UNIDO predicts that world manufacturing growth will drop back again 
this year to 3.2 per cent. Mainly responsible is a slow down in 
developed market economies (2.4 per cent) where the former East 
Germany is the only area with a double-digit increase and only 
Finland, Ireland and Malta likely to exceed 5 per cent.  

Further negative growth is forecast in Eastern Europe and the former 
USSR (minus 8.5 per cent) mainly because of a 19.5 per cent 
contraction in Russia and newly independent states, still in deep 
recession, and ongoing negative growth in Albania, Bulgaria, Romania 
and former Yugoslavia.  

Industrial decline swept across all branches of industry in the former 
USSR, particularly in transport equipment, machinery and industry 
chemicals. The UNIDO report nevertheless finds some signs that policy 
reforms on industrial production, enterprise restructuring and 
employment are shifting the region to a more open economy.  

Among developing countries, except for China and East and South East 
Asia, industrial progress has not been impressive, the UNIDO report 
says. Moreover, the prospects for least developed countries remain 
discouraging in the short term. The world share of these countries 
remained almost stable and structural changes in the composition of 
industrial activity have been negligible. Low-technology industries 
still account for the bulk of industrial output, and the share of 
machinery in total manufacturing ranges from 10 per cent in Latin 
America to a mere 3 per cent in tropical Africa.  

In least developed countries, manufacturing often contributes to less 
than 15 per cent of GDP and both capacity utilization and labour 
productivity remain low.  

Thus, the gap between the least developed countries and those moving 
towards NIC (newly industrializing country) status seems to be 
widening considerably. High manufacturing growth will continue 
in China (up 14 per cent this year) and East and South East Asia 
(up 9.5 per cent). Double-digit growth is expected in Indonesia, 
Republic of Korea, Singapore, Thailand and Vanuatu. Malaysia, Papua 
New Guinea, Philippines and Taiwan Province of China will exceed 5 per 
cent. The increase in the world share of developing countries in 
manufacturing is almost entirely explained by the increases in these 
two areas, the UNIDO report finds.

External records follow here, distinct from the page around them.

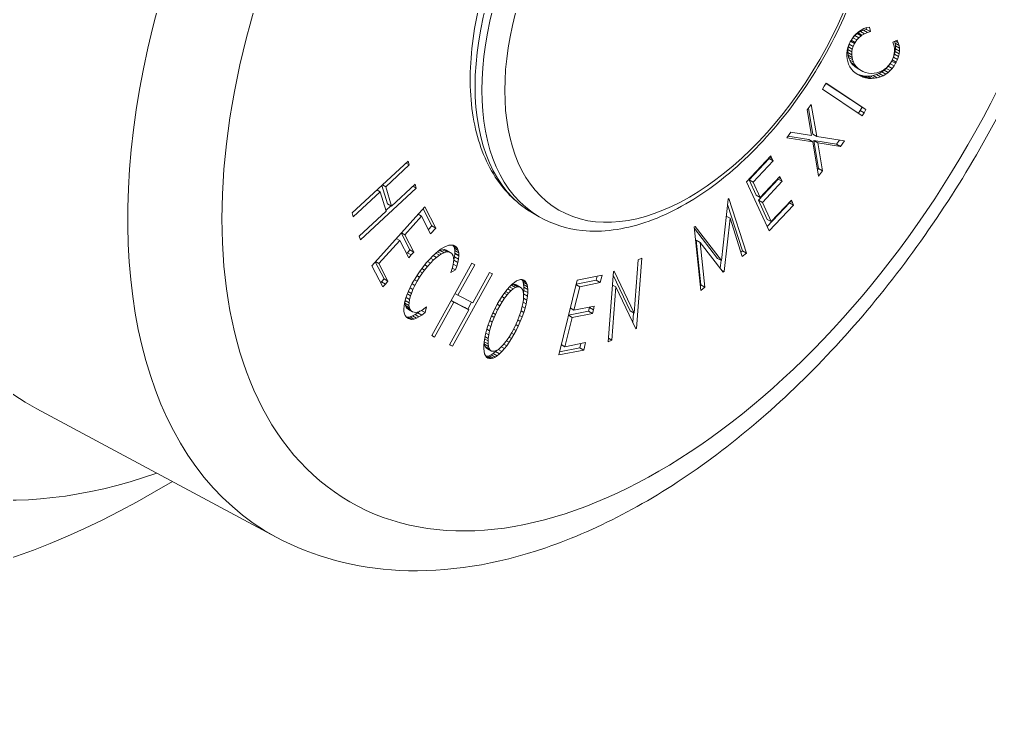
# Model space of a CAD drawing. Header units: millimetres. Extents: x 2.27 to 5, y 4.62 to 5.66.
# Drawn here: x 4.44734 to 4.46943, y 5.50201 to 5.51777 of the extents above; entities that cross this region are included whole.
import ezdxf

# ---------------------------------------------------------------- set-up
doc = ezdxf.new("R2010")
doc.units = ezdxf.units.MM

# ---------------------------------------------------------------- blocks, each defined once
blk = doc.blocks.new('110-32-isometrico')
at = {"linetype": 'Continuous', "lineweight": 5}
for p, q in [((8.597568, 4.143218), (8.597522, 4.143168)), ((8.597546, 4.143189), (8.597596, 4.143231)), ((8.59762, 4.143264), (8.597568, 4.143218)), ((8.597596, 4.143231), (8.597617, 4.143246)), ((8.597596, 4.143231), (8.597687, 4.143179)), ((8.597617, 4.143246), (8.597675, 4.14328)), ((8.597617, 4.143246), (8.597707, 4.143194)), ((8.59763, 4.143272), (8.59762, 4.143264)), ((8.59769, 4.143311), (8.59763, 4.143272)), ((8.597675, 4.14328), (8.597739, 4.143307)), ((8.597675, 4.14328), (8.597766, 4.143228)), ((8.597752, 4.143343), (8.59769, 4.143311)), ((8.597707, 4.143194), (8.597766, 4.143228)), ((8.597739, 4.143307), (8.597807, 4.143326)), ((8.597739, 4.143307), (8.59783, 4.143255)), ((8.597815, 4.143367), (8.597752, 4.143343)), ((8.597766, 4.143228), (8.59783, 4.143255)), ((8.597807, 4.143326), (8.5978, 4.143361)), ((8.597807, 4.143326), (8.597898, 4.143274)), ((8.597876, 4.14338), (8.597815, 4.143367)), ((8.59783, 4.143255), (8.597898, 4.143274)), ((8.597898, 4.143274), (8.597876, 4.14338)), ((8.597397, 4.142928), (8.597417, 4.142992)), ((8.597438, 4.143039), (8.597408, 4.142975)), ((8.597417, 4.142992), (8.597446, 4.143054)), ((8.597417, 4.142992), (8.597508, 4.14294)), ((8.597444, 4.143052), (8.597438, 4.143039)), ((8.597481, 4.143113), (8.597444, 4.143052)), ((8.597446, 4.143054), (8.597454, 4.143068)), ((8.597446, 4.143054), (8.597537, 4.143002)), ((8.597461, 4.14308), (8.597551, 4.143028)), ((8.597466, 4.143088), (8.597501, 4.143137)), ((8.597522, 4.143168), (8.597481, 4.143113)), ((8.597501, 4.143137), (8.597546, 4.143189)), ((8.597501, 4.143137), (8.597591, 4.143085)), ((8.597508, 4.14294), (8.597537, 4.143002)), ((8.597537, 4.143002), (8.597551, 4.143028)), ((8.597546, 4.143189), (8.597637, 4.143136)), ((8.597551, 4.143028), (8.597591, 4.143085)), ((8.597591, 4.143085), (8.597637, 4.143136)), ((8.597637, 4.143136), (8.597687, 4.143179)), ((8.597687, 4.143179), (8.597707, 4.143194)), ((8.598506, 4.143083), (8.598407, 4.143038)), ((8.598407, 4.143038), (8.598418, 4.14301)), ((8.598418, 4.14301), (8.598437, 4.142946)), ((8.598461, 4.143011), (8.598448, 4.143057)), ((8.598461, 4.143011), (8.598552, 4.142959)), ((8.59847, 4.142948), (8.598461, 4.143011)), ((8.598462, 4.143063), (8.598533, 4.143022)), ((8.598533, 4.143022), (8.598506, 4.143083)), ((8.598552, 4.142959), (8.598533, 4.143022)), ((8.597362, 4.142784), (8.597361, 4.14272)), ((8.59737, 4.142847), (8.597362, 4.142784)), ((8.597385, 4.142911), (8.59737, 4.142847)), ((8.597383, 4.1428), (8.597385, 4.142865)), ((8.597383, 4.1428), (8.597474, 4.142748)), ((8.597391, 4.142736), (8.597383, 4.1428)), ((8.597408, 4.142975), (8.597385, 4.142911)), ((8.597385, 4.142865), (8.597397, 4.142928)), ((8.597385, 4.142865), (8.597476, 4.142812)), ((8.597397, 4.142928), (8.597487, 4.142876)), ((8.597474, 4.142748), (8.597476, 4.142812)), ((8.597476, 4.142812), (8.597487, 4.142876)), ((8.597487, 4.142876), (8.597508, 4.14294)), ((8.598444, 4.142789), (8.598431, 4.142726)), ((8.598437, 4.142946), (8.598447, 4.142882)), ((8.598447, 4.142819), (8.598444, 4.142789)), ((8.598447, 4.142882), (8.598447, 4.142819)), ((8.598448, 4.142761), (8.598464, 4.142823)), ((8.598464, 4.142823), (8.598471, 4.142884)), ((8.598464, 4.142823), (8.598554, 4.142771)), ((8.59847, 4.142948), (8.59856, 4.142895)), ((8.598471, 4.142884), (8.59847, 4.142948)), ((8.598471, 4.142884), (8.598561, 4.142832)), ((8.598539, 4.142709), (8.598554, 4.142771)), ((8.59856, 4.142895), (8.598552, 4.142959)), ((8.598554, 4.142771), (8.598561, 4.142832)), ((8.598561, 4.142832), (8.59856, 4.142895)), ((8.597361, 4.14272), (8.597368, 4.142657)), ((8.597368, 4.142657), (8.597382, 4.142595)), ((8.597382, 4.142595), (8.597383, 4.142594)), ((8.597383, 4.142594), (8.597404, 4.142532)), ((8.597391, 4.142736), (8.597482, 4.142684)), ((8.597403, 4.142689), (8.597391, 4.142736)), ((8.597403, 4.142689), (8.597493, 4.142637)), ((8.597427, 4.142629), (8.597403, 4.142689)), ((8.597427, 4.142629), (8.597517, 4.142576)), ((8.597457, 4.142573), (8.597427, 4.142629)), ((8.597457, 4.142573), (8.597548, 4.142521)), ((8.597495, 4.142524), (8.597457, 4.142573)), ((8.597482, 4.142684), (8.597474, 4.142748)), ((8.597493, 4.142637), (8.597482, 4.142684)), ((8.597517, 4.142576), (8.597493, 4.142637)), ((8.597548, 4.142521), (8.597517, 4.142576)), ((8.598353, 4.142556), (8.598312, 4.142501)), ((8.598346, 4.142545), (8.59835, 4.142552)), ((8.598377, 4.142596), (8.598353, 4.142556)), ((8.598408, 4.142662), (8.598377, 4.142596)), ((8.598377, 4.142596), (8.598383, 4.142606)), ((8.598383, 4.142606), (8.598395, 4.14263)), ((8.598383, 4.142606), (8.598474, 4.142554)), ((8.598395, 4.14263), (8.598426, 4.142696)), ((8.598395, 4.14263), (8.598486, 4.142578)), ((8.598431, 4.142726), (8.598408, 4.142662)), ((8.598426, 4.142696), (8.598448, 4.142761)), ((8.598426, 4.142696), (8.598516, 4.142643)), ((8.598437, 4.142493), (8.598474, 4.142554)), ((8.598448, 4.142761), (8.598539, 4.142709)), ((8.598474, 4.142554), (8.598486, 4.142578)), ((8.598486, 4.142578), (8.598516, 4.142643)), ((8.598516, 4.142643), (8.598539, 4.142709)), ((8.597404, 4.142532), (8.597433, 4.142476)), ((8.597433, 4.142476), (8.597467, 4.142424)), ((8.597467, 4.142424), (8.597508, 4.142378)), ((8.597495, 4.142524), (8.597586, 4.142471)), ((8.597541, 4.14248), (8.597495, 4.142524)), ((8.597508, 4.142378), (8.597555, 4.142336)), ((8.597541, 4.14248), (8.597631, 4.142428)), ((8.597594, 4.142444), (8.597541, 4.14248)), ((8.597586, 4.142471), (8.597548, 4.142521)), ((8.597555, 4.142336), (8.59761, 4.142299)), ((8.597631, 4.142428), (8.597586, 4.142471)), ((8.597594, 4.142444), (8.597685, 4.142392)), ((8.597685, 4.142392), (8.597631, 4.142428)), ((8.597726, 4.142371), (8.597685, 4.142392)), ((8.597788, 4.142345), (8.597726, 4.142371)), ((8.597852, 4.142329), (8.597788, 4.142345)), ((8.597917, 4.142324), (8.597852, 4.142329)), ((8.598049, 4.142339), (8.597982, 4.142327)), ((8.598092, 4.142352), (8.598049, 4.142339)), ((8.598156, 4.142379), (8.598092, 4.142352)), ((8.598098, 4.142324), (8.598156, 4.142357)), ((8.598214, 4.142412), (8.598156, 4.142379)), ((8.598156, 4.142357), (8.59821, 4.142395)), ((8.598156, 4.142357), (8.598247, 4.142305)), ((8.59821, 4.142395), (8.59826, 4.142439)), ((8.59821, 4.142395), (8.598301, 4.142343)), ((8.598266, 4.142453), (8.598214, 4.142412)), ((8.598247, 4.142305), (8.598301, 4.142343)), ((8.59826, 4.142439), (8.598305, 4.142489)), ((8.59826, 4.142439), (8.59835, 4.142387)), ((8.598312, 4.142501), (8.598266, 4.142453)), ((8.598301, 4.142343), (8.59835, 4.142387)), ((8.598305, 4.142489), (8.598346, 4.142545)), ((8.598305, 4.142489), (8.598395, 4.142436)), ((8.598346, 4.142545), (8.598437, 4.142493)), ((8.59835, 4.142387), (8.598395, 4.142436)), ((8.598395, 4.142436), (8.598437, 4.142493)), ((8.597585, 4.142315), (8.597641, 4.142292)), ((8.597595, 4.142309), (8.597669, 4.142266)), ((8.59761, 4.142299), (8.597669, 4.142266)), ((8.597641, 4.142292), (8.597705, 4.142274)), ((8.597641, 4.142292), (8.597731, 4.14224)), ((8.597669, 4.142266), (8.597731, 4.14224)), ((8.597705, 4.142274), (8.59777, 4.142263)), ((8.597705, 4.142274), (8.597796, 4.142222)), ((8.597731, 4.14224), (8.597796, 4.142222)), ((8.59777, 4.142263), (8.597834, 4.142259)), ((8.59777, 4.142263), (8.597861, 4.142211)), ((8.597796, 4.142222), (8.597861, 4.142211)), ((8.597834, 4.142259), (8.5979, 4.142264)), ((8.597834, 4.142259), (8.597925, 4.142206)), ((8.597861, 4.142211), (8.597925, 4.142206)), ((8.5979, 4.142264), (8.597965, 4.142276)), ((8.5979, 4.142264), (8.597991, 4.142212)), ((8.597982, 4.142327), (8.597917, 4.142324)), ((8.597925, 4.142206), (8.597991, 4.142212)), ((8.597965, 4.142276), (8.598036, 4.142298)), ((8.597965, 4.142276), (8.598056, 4.142224)), ((8.597991, 4.142212), (8.598056, 4.142224)), ((8.598036, 4.142298), (8.598098, 4.142324)), ((8.598036, 4.142298), (8.598126, 4.142246)), ((8.598056, 4.142224), (8.598126, 4.142246)), ((8.598098, 4.142324), (8.598188, 4.142272)), ((8.598126, 4.142246), (8.598188, 4.142272)), ((8.598188, 4.142272), (8.598247, 4.142305)), ((8.596807, 4.141962), (8.596849, 4.142031)), ((8.597712, 4.141358), (8.596807, 4.141962)), ((8.596849, 4.142031), (8.596893, 4.142103)), ((8.596889, 4.142097), (8.597708, 4.141552)), ((8.596893, 4.142103), (8.597798, 4.141499)), ((8.596553, 4.141615), (8.596461, 4.141492)), ((8.596461, 4.141492), (8.596561, 4.140908)), ((8.596586, 4.140942), (8.596486, 4.141526)), ((8.596677, 4.14089), (8.596553, 4.141615)), ((8.597665, 4.141481), (8.597625, 4.141416)), ((8.597708, 4.141552), (8.597665, 4.141481)), ((8.597665, 4.141481), (8.597755, 4.141429)), ((8.597708, 4.141552), (8.597798, 4.141499)), ((8.597798, 4.141499), (8.597755, 4.141429)), ((8.597755, 4.141429), (8.597712, 4.141358)), ((8.596086, 4.140984), (8.595993, 4.140858)), ((8.595993, 4.140858), (8.596586, 4.140765)), ((8.596018, 4.140892), (8.596496, 4.140817)), ((8.596561, 4.140908), (8.596086, 4.140984)), ((8.596496, 4.140817), (8.596586, 4.140765)), ((8.596586, 4.140942), (8.596677, 4.14089)), ((8.59661, 4.140798), (8.597126, 4.140714)), ((8.59661, 4.140798), (8.5967, 4.140745)), ((8.596719, 4.140163), (8.59661, 4.140798)), ((8.59731, 4.140788), (8.596677, 4.14089)), ((8.597126, 4.140714), (8.597194, 4.140806)), ((8.597217, 4.140662), (8.59731, 4.140788)), ((8.596586, 4.140765), (8.596718, 4.139987)), ((8.5967, 4.140745), (8.597217, 4.140662)), ((8.596809, 4.14011), (8.5967, 4.140745)), ((8.597126, 4.140714), (8.597217, 4.140662)), ((8.595632, 4.140444), (8.595079, 4.139855)), ((8.595135, 4.139901), (8.595592, 4.140387)), ((8.595592, 4.140387), (8.595588, 4.140397)), ((8.595592, 4.140387), (8.595683, 4.140335)), ((8.595608, 4.140419), (8.595657, 4.14039)), ((8.595657, 4.14039), (8.595632, 4.140444)), ((8.595683, 4.140335), (8.595657, 4.14039)), ((8.58737, 4.140325), (8.586096, 4.139147)), ((8.58686, 4.139743), (8.587397, 4.14024)), ((8.587324, 4.140282), (8.587397, 4.14024)), ((8.587397, 4.14024), (8.58737, 4.140325)), ((8.595226, 4.139849), (8.595683, 4.140335)), ((8.596694, 4.140129), (8.596719, 4.140163)), ((8.596719, 4.140163), (8.596809, 4.14011)), ((8.595135, 4.139901), (8.595226, 4.139849)), ((8.595297, 4.13955), (8.595135, 4.139901)), ((8.595348, 4.139441), (8.595798, 4.13992)), ((8.595839, 4.139979), (8.595388, 4.139498)), ((8.595798, 4.13992), (8.595794, 4.139931)), ((8.595798, 4.13992), (8.595889, 4.139868)), ((8.595814, 4.139952), (8.595863, 4.139923)), ((8.595863, 4.139923), (8.595839, 4.139979)), ((8.595889, 4.139868), (8.595863, 4.139923)), ((8.596718, 4.139987), (8.596809, 4.14011)), ((8.586283, 4.138534), (8.587558, 4.139713)), ((8.586904, 4.139356), (8.586775, 4.139775)), ((8.586786, 4.139785), (8.58686, 4.139743)), ((8.586995, 4.139304), (8.58686, 4.139743)), ((8.587532, 4.1398), (8.586995, 4.139304)), ((8.587484, 4.139756), (8.587558, 4.139713)), ((8.587558, 4.139713), (8.587532, 4.1398)), ((8.595079, 4.139855), (8.595596, 4.138738)), ((8.595388, 4.139498), (8.595226, 4.139849)), ((8.595439, 4.139389), (8.595889, 4.139868)), ((8.586122, 4.139062), (8.586735, 4.139627)), ((8.586662, 4.13967), (8.586735, 4.139627)), ((8.586735, 4.139627), (8.586869, 4.139188)), ((8.594659, 4.139462), (8.59451, 4.138063)), ((8.594676, 4.139475), (8.594659, 4.139462)), ((8.595074, 4.138231), (8.594676, 4.139475)), ((8.595297, 4.13955), (8.595388, 4.139498)), ((8.587752, 4.139288), (8.586543, 4.137947)), ((8.586863, 4.139207), (8.586978, 4.139313)), ((8.586904, 4.139356), (8.586995, 4.139304)), ((8.587913, 4.138856), (8.587712, 4.139243)), ((8.588004, 4.138804), (8.587752, 4.139288)), ((8.594984, 4.138284), (8.594646, 4.139339)), ((8.595348, 4.139441), (8.595439, 4.139389)), ((8.595551, 4.139002), (8.595348, 4.139441)), ((8.595642, 4.13895), (8.595439, 4.139389)), ((8.59555, 4.138838), (8.596059, 4.139379)), ((8.595596, 4.138738), (8.596149, 4.139327)), ((8.596099, 4.139436), (8.595642, 4.13895)), ((8.596059, 4.139379), (8.596054, 4.139389)), ((8.596059, 4.139379), (8.596149, 4.139327)), ((8.596075, 4.139411), (8.596124, 4.139382)), ((8.596124, 4.139382), (8.596099, 4.139436)), ((8.596149, 4.139327), (8.596124, 4.139382)), ((8.586096, 4.139147), (8.586122, 4.139062)), ((8.586869, 4.139188), (8.586256, 4.138621)), ((8.587299, 4.138651), (8.587677, 4.139071)), ((8.587598, 4.139117), (8.587677, 4.139071)), ((8.587677, 4.139071), (8.587884, 4.138671)), ((8.590357, 4.139062), (8.590201, 4.139152)), ((8.590357, 4.139062), (8.590201, 4.139152)), ((8.594565, 4.137814), (8.594702, 4.139029)), ((8.594618, 4.139078), (8.594702, 4.139029)), ((8.594702, 4.139029), (8.594982, 4.138154)), ((8.587834, 4.138768), (8.587913, 4.138856)), ((8.587884, 4.138671), (8.588004, 4.138804)), ((8.587913, 4.138856), (8.588004, 4.138804)), ((8.593905, 4.138842), (8.593888, 4.138828)), ((8.593888, 4.138828), (8.594037, 4.13738)), ((8.594418, 4.138114), (8.593891, 4.138795)), ((8.594509, 4.138062), (8.593905, 4.138842)), ((8.595551, 4.139002), (8.595642, 4.13895)), ((8.586256, 4.138621), (8.586283, 4.138534)), ((8.587412, 4.138308), (8.587215, 4.138692)), ((8.58722, 4.138697), (8.587299, 4.138651)), ((8.587503, 4.138256), (8.587299, 4.138651)), ((8.586706, 4.137994), (8.58718, 4.13852)), ((8.587101, 4.138566), (8.58718, 4.13852)), ((8.58718, 4.13852), (8.587384, 4.138125)), ((8.58819, 4.138367), (8.588127, 4.13833)), ((8.588248, 4.138395), (8.58819, 4.138367)), ((8.5883, 4.138412), (8.588248, 4.138395)), ((8.588349, 4.138418), (8.5883, 4.138412)), ((8.588393, 4.138415), (8.588349, 4.138418)), ((8.588406, 4.138388), (8.588386, 4.138415)), ((8.588431, 4.138401), (8.588393, 4.138415)), ((8.588396, 4.138413), (8.588471, 4.13837)), ((8.588406, 4.13841), (8.588465, 4.138376)), ((8.588406, 4.138388), (8.588496, 4.138336)), ((8.588424, 4.138346), (8.588406, 4.138388)), ((8.588465, 4.138376), (8.588431, 4.138401)), ((8.588471, 4.13837), (8.588465, 4.138376)), ((8.588496, 4.138336), (8.588471, 4.13837)), ((8.593934, 4.138526), (8.594024, 4.138473)), ((8.594039, 4.137508), (8.593934, 4.138526)), ((8.594024, 4.138473), (8.594547, 4.137798)), ((8.594129, 4.137456), (8.594024, 4.138473)), ((8.587334, 4.138222), (8.587354, 4.138243)), ((8.587354, 4.138243), (8.587412, 4.138308)), ((8.587354, 4.138243), (8.587444, 4.138191)), ((8.587384, 4.138125), (8.587444, 4.138191)), ((8.587412, 4.138308), (8.587503, 4.138256)), ((8.587444, 4.138191), (8.587503, 4.138256)), ((8.587924, 4.138162), (8.587855, 4.138091)), ((8.587991, 4.138226), (8.587924, 4.138162)), ((8.587941, 4.138179), (8.588017, 4.138135)), ((8.587949, 4.138077), (8.588017, 4.138135)), ((8.588058, 4.138281), (8.587991, 4.138226)), ((8.588001, 4.138234), (8.588086, 4.138185)), ((8.588017, 4.138135), (8.588086, 4.138185)), ((8.588034, 4.138261), (8.588043, 4.138266)), ((8.588043, 4.138266), (8.588102, 4.138296)), ((8.588043, 4.138266), (8.588134, 4.138214)), ((8.588125, 4.138328), (8.588058, 4.138281)), ((8.588086, 4.138185), (8.588134, 4.138214)), ((8.588102, 4.138296), (8.588154, 4.138311)), ((8.588102, 4.138296), (8.588192, 4.138243)), ((8.588127, 4.13833), (8.588125, 4.138328)), ((8.588134, 4.138214), (8.588192, 4.138243)), ((8.588154, 4.138311), (8.588201, 4.138313)), ((8.588154, 4.138311), (8.588245, 4.138259)), ((8.588192, 4.138243), (8.588245, 4.138259)), ((8.588201, 4.138313), (8.58824, 4.138302)), ((8.588201, 4.138313), (8.588291, 4.13826)), ((8.58824, 4.138302), (8.588331, 4.13825)), ((8.588245, 4.138259), (8.588291, 4.13826)), ((8.588291, 4.13826), (8.588331, 4.13825)), ((8.588331, 4.13825), (8.588363, 4.138226)), ((8.588363, 4.138226), (8.588375, 4.138212)), ((8.588375, 4.138212), (8.588396, 4.138172)), ((8.588396, 4.138172), (8.588408, 4.138124)), ((8.588413, 4.138071), (8.588429, 4.138149)), ((8.588424, 4.138346), (8.588514, 4.138293)), ((8.588434, 4.138294), (8.588424, 4.138346)), ((8.588429, 4.138149), (8.588436, 4.138221)), ((8.588429, 4.138149), (8.588519, 4.138097)), ((8.588434, 4.138294), (8.588525, 4.138242)), ((8.588436, 4.138235), (8.588434, 4.138294)), ((8.588436, 4.138235), (8.588527, 4.138182)), ((8.588436, 4.138221), (8.588436, 4.138235)), ((8.588436, 4.138221), (8.588526, 4.138169)), ((8.588514, 4.138293), (8.588496, 4.138336)), ((8.588525, 4.138242), (8.588514, 4.138293)), ((8.588519, 4.138097), (8.588526, 4.138169)), ((8.588527, 4.138182), (8.588525, 4.138242)), ((8.588526, 4.138169), (8.588527, 4.138182)), ((8.594949, 4.138255), (8.594984, 4.138284)), ((8.594982, 4.138154), (8.595074, 4.138231)), ((8.594984, 4.138284), (8.595074, 4.138231)), ((8.586543, 4.137947), (8.586795, 4.137463)), ((8.586822, 4.137646), (8.586622, 4.138034)), ((8.586627, 4.138039), (8.586706, 4.137994)), ((8.586913, 4.137593), (8.586706, 4.137994)), ((8.587718, 4.137926), (8.587648, 4.137832)), ((8.587786, 4.138012), (8.587718, 4.137926)), ((8.587744, 4.137846), (8.587812, 4.137932)), ((8.58775, 4.137967), (8.587812, 4.137932)), ((8.587855, 4.138091), (8.587786, 4.138012)), ((8.587812, 4.137932), (8.587881, 4.138008)), ((8.587816, 4.138046), (8.587881, 4.138008)), ((8.58788, 4.138117), (8.587949, 4.138077)), ((8.587881, 4.138008), (8.587949, 4.138077)), ((8.58882, 4.138003), (8.587908, 4.136357)), ((8.588396, 4.137967), (8.588374, 4.137883)), ((8.588407, 4.138039), (8.588396, 4.137967)), ((8.588398, 4.13798), (8.588478, 4.137935)), ((8.588409, 4.138063), (8.588407, 4.138039)), ((8.588408, 4.138124), (8.588409, 4.138063)), ((8.588408, 4.138057), (8.588413, 4.138071)), ((8.588413, 4.138071), (8.588503, 4.138019)), ((8.588447, 4.137853), (8.588478, 4.137935)), ((8.588478, 4.137935), (8.588503, 4.138019)), ((8.588503, 4.138019), (8.588519, 4.138097)), ((8.588503, 4.137276), (8.588887, 4.137968)), ((8.588887, 4.137968), (8.58882, 4.138003)), ((8.592609, 4.138079), (8.592519, 4.136869)), ((8.592573, 4.136519), (8.592692, 4.138119)), ((8.592692, 4.138119), (8.592609, 4.138079)), ((8.594418, 4.138114), (8.594509, 4.138062)), ((8.594477, 4.137888), (8.594498, 4.138069)), ((8.59451, 4.138063), (8.594509, 4.138062)), ((8.587583, 4.137737), (8.587522, 4.13764)), ((8.587572, 4.13772), (8.587631, 4.137685)), ((8.587648, 4.137832), (8.587583, 4.137737)), ((8.587631, 4.137685), (8.587697, 4.137783)), ((8.587638, 4.137817), (8.587697, 4.137783)), ((8.587684, 4.13788), (8.587744, 4.137846)), ((8.587697, 4.137783), (8.587744, 4.137846)), ((8.588374, 4.137883), (8.588342, 4.137793)), ((8.588342, 4.137793), (8.588447, 4.137853)), ((8.588376, 4.137894), (8.588447, 4.137853)), ((8.588382, 4.136115), (8.589294, 4.137761)), ((8.589227, 4.137795), (8.588843, 4.137102)), ((8.589294, 4.137761), (8.589227, 4.137795)), ((8.591788, 4.137729), (8.591219, 4.137617)), ((8.591657, 4.137614), (8.59168, 4.137707)), ((8.591747, 4.137562), (8.591788, 4.137729)), ((8.592047, 4.137812), (8.591928, 4.136212)), ((8.592428, 4.136921), (8.59204, 4.13773)), ((8.592062, 4.137821), (8.592047, 4.137812)), ((8.592519, 4.136869), (8.592062, 4.137821)), ((8.59451, 4.137845), (8.594565, 4.137814)), ((8.594547, 4.137798), (8.594565, 4.137814)), ((8.586745, 4.137559), (8.586763, 4.137579)), ((8.586763, 4.137579), (8.586822, 4.137646)), ((8.586763, 4.137579), (8.586853, 4.137527)), ((8.586795, 4.137463), (8.586853, 4.137527)), ((8.586822, 4.137646), (8.586913, 4.137593)), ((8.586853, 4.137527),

Their increases moreover, derive 
equally from low- and higher technology industries - indicating that 
industrialization is broadly based and the structure of industry 
already resembles that in developed countries.  

Industry in the Indian Sub-continent will also grow by over 5 per cent, 
ahead of Western Asia and sub-Saharan Africa (both 3.8 per cent). 
Western Asia is buoyed by Kuwait's 12 per cent industrial expansion. 
In Africa, Botswana, Mozambique, Seychelles will top 10 per cent. 
In Latin America and the Caribbean growth will be down (2.4 per cent 
compared to 4.8 per cent last year); however, Chile, Dominican 
Republic, El Salvador, Guyana, Monserrat, Netherlands Antilles and 
Peru will exceed 5 per cent.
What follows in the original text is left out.